==== Data for the task

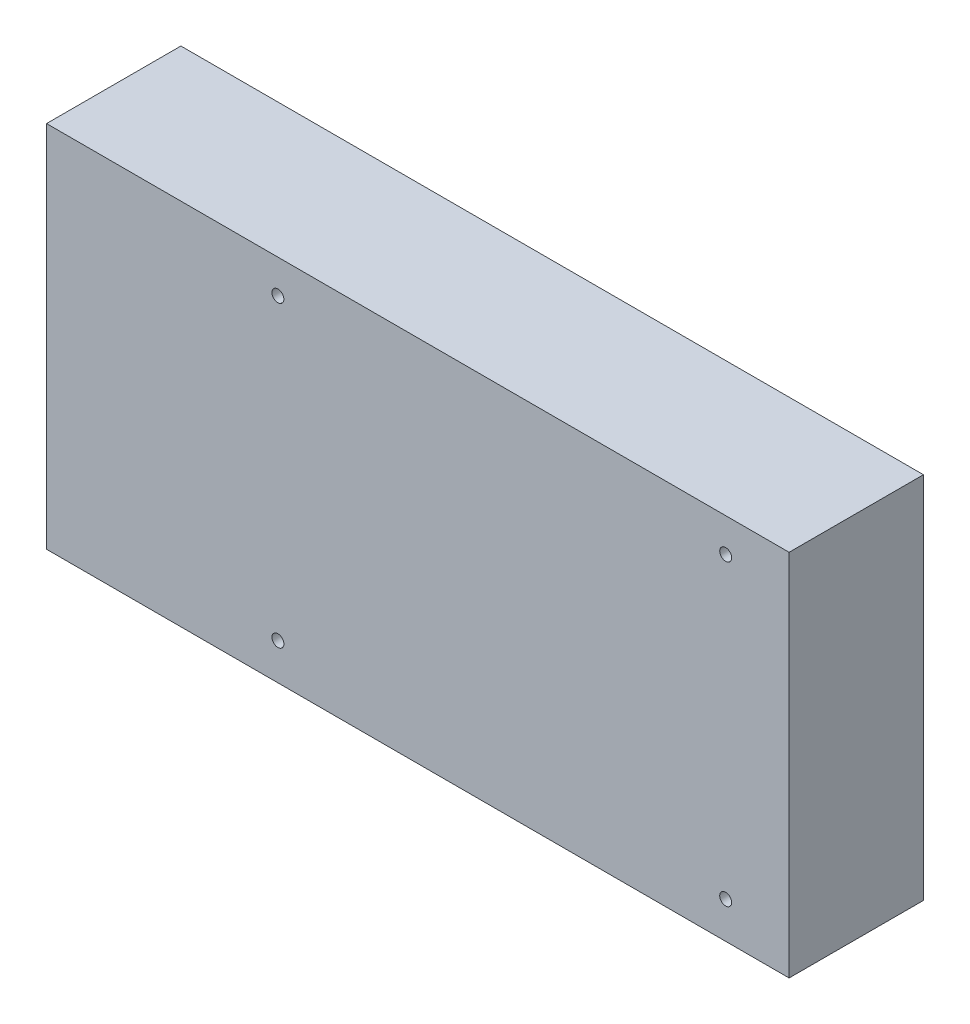
ISO-10303-21;
HEADER;
FILE_DESCRIPTION(('STEP AP214'),'2;1');
FILE_NAME('part.step','',(''),(''),'','','');
FILE_SCHEMA(('AUTOMOTIVE_DESIGN { 1 0 10303 214 1 1 1 1 }'));
ENDSEC;
DATA;
#1=APPLICATION_CONTEXT('core data for automotive mechanical design processes');
#2=APPLICATION_PROTOCOL_DEFINITION('international standard','automotive_design',2000,#1);
#3=PRODUCT_CONTEXT('',#1,'mechanical');
#4=PRODUCT('Part','Part','',(#3));
#5=PRODUCT_RELATED_PRODUCT_CATEGORY('part','',(#4));
#6=PRODUCT_DEFINITION_FORMATION('','',#4);
#7=PRODUCT_DEFINITION_CONTEXT('part definition',#1,'design');
#8=PRODUCT_DEFINITION('design','',#6,#7);
#9=PRODUCT_DEFINITION_SHAPE('','',#8);
#10=(LENGTH_UNIT() NAMED_UNIT(*) SI_UNIT(.MILLI.,.METRE.));
#11=(NAMED_UNIT(*) PLANE_ANGLE_UNIT() SI_UNIT($,.RADIAN.));
#12=(NAMED_UNIT(*) SI_UNIT($,.STERADIAN.) SOLID_ANGLE_UNIT());
#13=UNCERTAINTY_MEASURE_WITH_UNIT(LENGTH_MEASURE(1.E-05),#10,'distance_accuracy_value','');
#14=(GEOMETRIC_REPRESENTATION_CONTEXT(3) GLOBAL_UNCERTAINTY_ASSIGNED_CONTEXT((#13)) GLOBAL_UNIT_ASSIGNED_CONTEXT((#10,
#11,#12)) REPRESENTATION_CONTEXT('',''));
#15=CARTESIAN_POINT('',(0.,0.,0.));
#16=DIRECTION('',(0.,0.,1.));
#17=DIRECTION('',(1.,0.,0.));
#18=AXIS2_PLACEMENT_3D('',#15,#16,#17);
#19=CARTESIAN_POINT('',(99.5,-49.403,36.));
#20=DIRECTION('',(-1.,0.,0.));
#21=DIRECTION('',(0.,0.,1.));
#22=AXIS2_PLACEMENT_3D('',#19,#20,#21);
#23=PLANE('',#22);
#24=DIRECTION('',(0.,1.,0.));
#25=VECTOR('',#24,1.);
#26=CARTESIAN_POINT('',(99.5,-49.403,0.));
#27=LINE('',#26,#25);
#28=CARTESIAN_POINT('',(99.5,-49.403,0.));
#29=VERTEX_POINT('',#28);
#30=CARTESIAN_POINT('',(99.5,49.403,0.));
#31=VERTEX_POINT('',#30);
#32=EDGE_CURVE('E102',#29,#31,#27,.T.);
#33=ORIENTED_EDGE('',*,*,#32,.T.);
#34=DIRECTION('',(0.,0.,-1.));
#35=VECTOR('',#34,1.);
#36=CARTESIAN_POINT('',(99.5,49.403,36.));
#37=LINE('',#36,#35);
#38=CARTESIAN_POINT('',(99.5,49.403,36.));
#39=VERTEX_POINT('',#38);
#40=EDGE_CURVE('E93',#39,#31,#37,.T.);
#41=ORIENTED_EDGE('',*,*,#40,.F.);
#42=DIRECTION('',(0.,1.,0.));
#43=VECTOR('',#42,1.);
#44=CARTESIAN_POINT('',(99.5,-49.403,36.));
#45=LINE('',#44,#43);
#46=CARTESIAN_POINT('',(99.5,-49.403,36.));
#47=VERTEX_POINT('',#46);
#48=EDGE_CURVE('E87',#47,#39,#45,.T.);
#49=ORIENTED_EDGE('',*,*,#48,.F.);
#50=DIRECTION('',(0.,0.,-1.));
#51=VECTOR('',#50,1.);
#52=CARTESIAN_POINT('',(99.5,-49.403,36.));
#53=LINE('',#52,#51);
#54=EDGE_CURVE('E98',#47,#29,#53,.T.);
#55=ORIENTED_EDGE('',*,*,#54,.T.);
#56=EDGE_LOOP('',(#33,#41,#49,#55));
#57=FACE_BOUND('',#56,.T.);
#58=ADVANCED_FACE('F33',(#57),#23,.F.);
#59=CARTESIAN_POINT('',(-99.5,49.403,36.));
#60=DIRECTION('',(0.,-1.,0.));
#61=DIRECTION('',(0.,0.,-1.));
#62=AXIS2_PLACEMENT_3D('',#59,#60,#61);
#63=PLANE('',#62);
#64=DIRECTION('',(-1.,0.,0.));
#65=VECTOR('',#64,1.);
#66=CARTESIAN_POINT('',(-99.5,49.403,0.));
#67=LINE('',#66,#65);
#68=CARTESIAN_POINT('',(-99.5,49.403,0.));
#69=VERTEX_POINT('',#68);
#70=EDGE_CURVE('E92',#31,#69,#67,.T.);
#71=ORIENTED_EDGE('',*,*,#70,.T.);
#72=DIRECTION('',(0.,0.,-1.));
#73=VECTOR('',#72,1.);
#74=CARTESIAN_POINT('',(-99.5,49.403,36.));
#75=LINE('',#74,#73);
#76=CARTESIAN_POINT('',(-99.5,49.403,36.));
#77=VERTEX_POINT('',#76);
#78=EDGE_CURVE('E90',#77,#69,#75,.T.);
#79=ORIENTED_EDGE('',*,*,#78,.F.);
#80=DIRECTION('',(-1.,0.,0.));
#81=VECTOR('',#80,1.);
#82=CARTESIAN_POINT('',(-99.5,49.403,36.));
#83=LINE('',#82,#81);
#84=EDGE_CURVE('E81',#39,#77,#83,.T.);
#85=ORIENTED_EDGE('',*,*,#84,.F.);
#86=ORIENTED_EDGE('',*,*,#40,.T.);
#87=EDGE_LOOP('',(#71,#79,#85,#86));
#88=FACE_BOUND('',#87,.T.);
#89=ADVANCED_FACE('F91',(#88),#63,.F.);
#90=CARTESIAN_POINT('',(-99.5,-49.403,36.));
#91=DIRECTION('',(1.,0.,0.));
#92=DIRECTION('',(0.,0.,-1.));
#93=AXIS2_PLACEMENT_3D('',#90,#91,#92);
#94=PLANE('',#93);
#95=DIRECTION('',(0.,-1.,0.));
#96=VECTOR('',#95,1.);
#97=CARTESIAN_POINT('',(-99.5,-49.403,0.));
#98=LINE('',#97,#96);
#99=CARTESIAN_POINT('',(-99.5,-49.403,0.));
#100=VERTEX_POINT('',#99);
#101=EDGE_CURVE('E67',#69,#100,#98,.T.);
#102=ORIENTED_EDGE('',*,*,#101,.T.);
#103=DIRECTION('',(0.,0.,-1.));
#104=VECTOR('',#103,1.);
#105=CARTESIAN_POINT('',(-99.5,-49.403,36.));
#106=LINE('',#105,#104);
#107=CARTESIAN_POINT('',(-99.5,-49.403,36.));
#108=VERTEX_POINT('',#107);
#109=EDGE_CURVE('E94',#108,#100,#106,.T.);
#110=ORIENTED_EDGE('',*,*,#109,.F.);
#111=DIRECTION('',(0.,-1.,0.));
#112=VECTOR('',#111,1.);
#113=CARTESIAN_POINT('',(-99.5,-49.403,36.));
#114=LINE('',#113,#112);
#115=EDGE_CURVE('E85',#77,#108,#114,.T.);
#116=ORIENTED_EDGE('',*,*,#115,.F.);
#117=ORIENTED_EDGE('',*,*,#78,.T.);
#118=EDGE_LOOP('',(#102,#110,#116,#117));
#119=FACE_BOUND('',#118,.T.);
#120=ADVANCED_FACE('F96',(#119),#94,.F.);
#121=CARTESIAN_POINT('',(-99.5,-49.403,36.));
#122=DIRECTION('',(0.,1.,0.));
#123=DIRECTION('',(0.,0.,1.));
#124=AXIS2_PLACEMENT_3D('',#121,#122,#123);
#125=PLANE('',#124);
#126=DIRECTION('',(1.,0.,0.));
#127=VECTOR('',#126,1.);
#128=CARTESIAN_POINT('',(-99.5,-49.403,0.));
#129=LINE('',#128,#127);
#130=EDGE_CURVE('E73',#100,#29,#129,.T.);
#131=ORIENTED_EDGE('',*,*,#130,.T.);
#132=ORIENTED_EDGE('',*,*,#54,.F.);
#133=DIRECTION('',(1.,0.,0.));
#134=VECTOR('',#133,1.);
#135=CARTESIAN_POINT('',(-99.5,-49.403,36.));
#136=LINE('',#135,#134);
#137=EDGE_CURVE('E50',#108,#47,#136,.T.);
#138=ORIENTED_EDGE('',*,*,#137,.F.);
#139=ORIENTED_EDGE('',*,*,#109,.T.);
#140=EDGE_LOOP('',(#131,#132,#138,#139));
#141=FACE_BOUND('',#140,.T.);
#142=ADVANCED_FACE('F128',(#141),#125,.F.);
#143=CARTESIAN_POINT('',(0.,0.,36.));
#144=DIRECTION('',(0.,0.,-1.));
#145=DIRECTION('',(-1.,0.,0.));
#146=AXIS2_PLACEMENT_3D('',#143,#144,#145);
#147=PLANE('',#146);
#148=CARTESIAN_POINT('',(82.5,40.403,36.));
#149=DIRECTION('',(0.,0.,1.));
#150=DIRECTION('',(1.,0.,0.));
#151=AXIS2_PLACEMENT_3D('',#148,#149,#150);
#152=CIRCLE('',#151,1.6);
#153=CARTESIAN_POINT('',(84.1,40.403,36.));
#154=VERTEX_POINT('',#153);
#155=EDGE_CURVE('E171',#154,#154,#152,.T.);
#156=ORIENTED_EDGE('',*,*,#155,.F.);
#157=EDGE_LOOP('',(#156));
#158=FACE_BOUND('',#157,.T.);
#159=CARTESIAN_POINT('',(-37.5,40.403,36.));
#160=DIRECTION('',(0.,0.,1.));
#161=DIRECTION('',(1.,0.,0.));
#162=AXIS2_PLACEMENT_3D('',#159,#160,#161);
#163=CIRCLE('',#162,1.6);
#164=CARTESIAN_POINT('',(-35.9,40.403,36.));
#165=VERTEX_POINT('',#164);
#166=EDGE_CURVE('E172',#165,#165,#163,.T.);
#167=ORIENTED_EDGE('',*,*,#166,.F.);
#168=EDGE_LOOP('',(#167));
#169=FACE_BOUND('',#168,.T.);
#170=ORIENTED_EDGE('',*,*,#48,.T.);
#171=ORIENTED_EDGE('',*,*,#84,.T.);
#172=ORIENTED_EDGE('',*,*,#115,.T.);
#173=ORIENTED_EDGE('',*,*,#137,.T.);
#174=EDGE_LOOP('',(#170,#171,#172,#173));
#175=FACE_BOUND('',#174,.T.);
#176=CARTESIAN_POINT('',(-37.5,-39.597,36.));
#177=DIRECTION('',(0.,0.,1.));
#178=DIRECTION('',(1.,0.,0.));
#179=AXIS2_PLACEMENT_3D('',#176,#177,#178);
#180=CIRCLE('',#179,1.6);
#181=CARTESIAN_POINT('',(-35.9,-39.597,36.));
#182=VERTEX_POINT('',#181);
#183=EDGE_CURVE('E115',#182,#182,#180,.T.);
#184=ORIENTED_EDGE('',*,*,#183,.F.);
#185=EDGE_LOOP('',(#184));
#186=FACE_BOUND('',#185,.T.);
#187=CARTESIAN_POINT('',(82.5,-39.597,36.));
#188=DIRECTION('',(0.,0.,1.));
#189=DIRECTION('',(1.,0.,0.));
#190=AXIS2_PLACEMENT_3D('',#187,#188,#189);
#191=CIRCLE('',#190,1.6);
#192=CARTESIAN_POINT('',(84.1,-39.597,36.));
#193=VERTEX_POINT('',#192);
#194=EDGE_CURVE('E11',#193,#193,#191,.T.);
#195=ORIENTED_EDGE('',*,*,#194,.F.);
#196=EDGE_LOOP('',(#195));
#197=FACE_BOUND('',#196,.T.);
#198=ADVANCED_FACE('F82',(#158,#169,#175,#186,#197),#147,.F.);
#199=CARTESIAN_POINT('',(0.,0.,0.));
#200=DIRECTION('',(0.,0.,-1.));
#201=DIRECTION('',(-1.,0.,0.));
#202=AXIS2_PLACEMENT_3D('',#199,#200,#201);
#203=PLANE('',#202);
#204=CARTESIAN_POINT('',(82.5,40.403,0.));
#205=DIRECTION('',(0.,0.,1.));
#206=DIRECTION('',(1.,0.,0.));
#207=AXIS2_PLACEMENT_3D('',#204,#205,#206);
#208=CIRCLE('',#207,1.6);
#209=CARTESIAN_POINT('',(84.1,40.403,0.));
#210=VERTEX_POINT('',#209);
#211=EDGE_CURVE('E169',#210,#210,#208,.T.);
#212=ORIENTED_EDGE('',*,*,#211,.T.);
#213=EDGE_LOOP('',(#212));
#214=FACE_BOUND('',#213,.T.);
#215=CARTESIAN_POINT('',(-37.5,40.403,0.));
#216=DIRECTION('',(0.,0.,1.));
#217=DIRECTION('',(1.,0.,0.));
#218=AXIS2_PLACEMENT_3D('',#215,#216,#217);
#219=CIRCLE('',#218,1.6);
#220=CARTESIAN_POINT('',(-35.9,40.403,0.));
#221=VERTEX_POINT('',#220);
#222=EDGE_CURVE('E105',#221,#221,#219,.T.);
#223=ORIENTED_EDGE('',*,*,#222,.T.);
#224=EDGE_LOOP('',(#223));
#225=FACE_BOUND('',#224,.T.);
#226=ORIENTED_EDGE('',*,*,#32,.F.);
#227=ORIENTED_EDGE('',*,*,#130,.F.);
#228=ORIENTED_EDGE('',*,*,#101,.F.);
#229=ORIENTED_EDGE('',*,*,#70,.F.);
#230=EDGE_LOOP('',(#226,#227,#228,#229));
#231=FACE_BOUND('',#230,.T.);
#232=CARTESIAN_POINT('',(-37.5,-39.597,0.));
#233=DIRECTION('',(0.,0.,1.));
#234=DIRECTION('',(1.,0.,0.));
#235=AXIS2_PLACEMENT_3D('',#232,#233,#234);
#236=CIRCLE('',#235,1.6);
#237=CARTESIAN_POINT('',(-35.9,-39.597,0.));
#238=VERTEX_POINT('',#237);
#239=EDGE_CURVE('E112',#238,#238,#236,.T.);
#240=ORIENTED_EDGE('',*,*,#239,.T.);
#241=EDGE_LOOP('',(#240));
#242=FACE_BOUND('',#241,.T.);
#243=CARTESIAN_POINT('',(82.5,-39.597,0.));
#244=DIRECTION('',(0.,0.,1.));
#245=DIRECTION('',(1.,0.,0.));
#246=AXIS2_PLACEMENT_3D('',#243,#244,#245);
#247=CIRCLE('',#246,1.6);
#248=CARTESIAN_POINT('',(84.1,-39.597,0.));
#249=VERTEX_POINT('',#248);
#250=EDGE_CURVE('E42',#249,#249,#247,.T.);
#251=ORIENTED_EDGE('',*,*,#250,.T.);
#252=EDGE_LOOP('',(#251));
#253=FACE_BOUND('',#252,.T.);
#254=ADVANCED_FACE('F120',(#214,#225,#231,#242,#253),#203,.T.);
#255=CARTESIAN_POINT('',(-37.5,40.403,0.));
#256=DIRECTION('',(0.,0.,1.));
#257=DIRECTION('',(1.,0.,0.));
#258=AXIS2_PLACEMENT_3D('',#255,#256,#257);
#259=CYLINDRICAL_SURFACE('',#258,1.6);
#260=ORIENTED_EDGE('',*,*,#222,.F.);
#261=EDGE_LOOP('',(#260));
#262=FACE_BOUND('',#261,.T.);
#263=ORIENTED_EDGE('',*,*,#166,.T.);
#264=EDGE_LOOP('',(#263));
#265=FACE_BOUND('',#264,.T.);
#266=ADVANCED_FACE('F135',(#262,#265),#259,.F.);
#267=CARTESIAN_POINT('',(82.5,40.403,0.));
#268=DIRECTION('',(0.,0.,1.));
#269=DIRECTION('',(1.,0.,0.));
#270=AXIS2_PLACEMENT_3D('',#267,#268,#269);
#271=CYLINDRICAL_SURFACE('',#270,1.6);
#272=ORIENTED_EDGE('',*,*,#211,.F.);
#273=EDGE_LOOP('',(#272));
#274=FACE_BOUND('',#273,.T.);
#275=ORIENTED_EDGE('',*,*,#155,.T.);
#276=EDGE_LOOP('',(#275));
#277=FACE_BOUND('',#276,.T.);
#278=ADVANCED_FACE('F151',(#274,#277),#271,.F.);
#279=CARTESIAN_POINT('',(-37.5,-39.597,0.));
#280=DIRECTION('',(0.,0.,1.));
#281=DIRECTION('',(1.,0.,0.));
#282=AXIS2_PLACEMENT_3D('',#279,#280,#281);
#283=CYLINDRICAL_SURFACE('',#282,1.6);
#284=ORIENTED_EDGE('',*,*,#239,.F.);
#285=EDGE_LOOP('',(#284));
#286=FACE_BOUND('',#285,.T.);
#287=ORIENTED_EDGE('',*,*,#183,.T.);
#288=EDGE_LOOP('',(#287));
#289=FACE_BOUND('',#288,.T.);
#290=ADVANCED_FACE('F124',(#286,#289),#283,.F.);
#291=CARTESIAN_POINT('',(82.5,-39.597,0.));
#292=DIRECTION('',(0.,0.,1.));
#293=DIRECTION('',(1.,0.,0.));
#294=AXIS2_PLACEMENT_3D('',#291,#292,#293);
#295=CYLINDRICAL_SURFACE('',#294,1.6);
#296=ORIENTED_EDGE('',*,*,#250,.F.);
#297=EDGE_LOOP('',(#296));
#298=FACE_BOUND('',#297,.T.);
#299=ORIENTED_EDGE('',*,*,#194,.T.);
#300=EDGE_LOOP('',(#299));
#301=FACE_BOUND('',#300,.T.);
#302=ADVANCED_FACE('F35',(#298,#301),#295,.F.);
#303=CLOSED_SHELL('',(#58,#89,#120,#142,#198,#254,#266,#278,#290,#302));
#304=MANIFOLD_SOLID_BREP('B2',#303);
#305=ADVANCED_BREP_SHAPE_REPRESENTATION('',(#18,#304),#14);
#306=SHAPE_DEFINITION_REPRESENTATION(#9,#305);
ENDSEC;
END-ISO-10303-21;

========

Emit the lines of the material exactly, from its first line to the line containing "#1=APPLICATION_CONTEXT('core data for", inclusive; leave every picture out.

ISO-10303-21;
HEADER;
FILE_DESCRIPTION(('STEP AP214'),'2;1');
FILE_NAME('part.step','',(''),(''),'','','');
FILE_SCHEMA(('AUTOMOTIVE_DESIGN { 1 0 10303 214 1 1 1 1 }'));
ENDSEC;
DATA;
#1=APPLICATION_CONTEXT('core data for automotive mechanical design processes');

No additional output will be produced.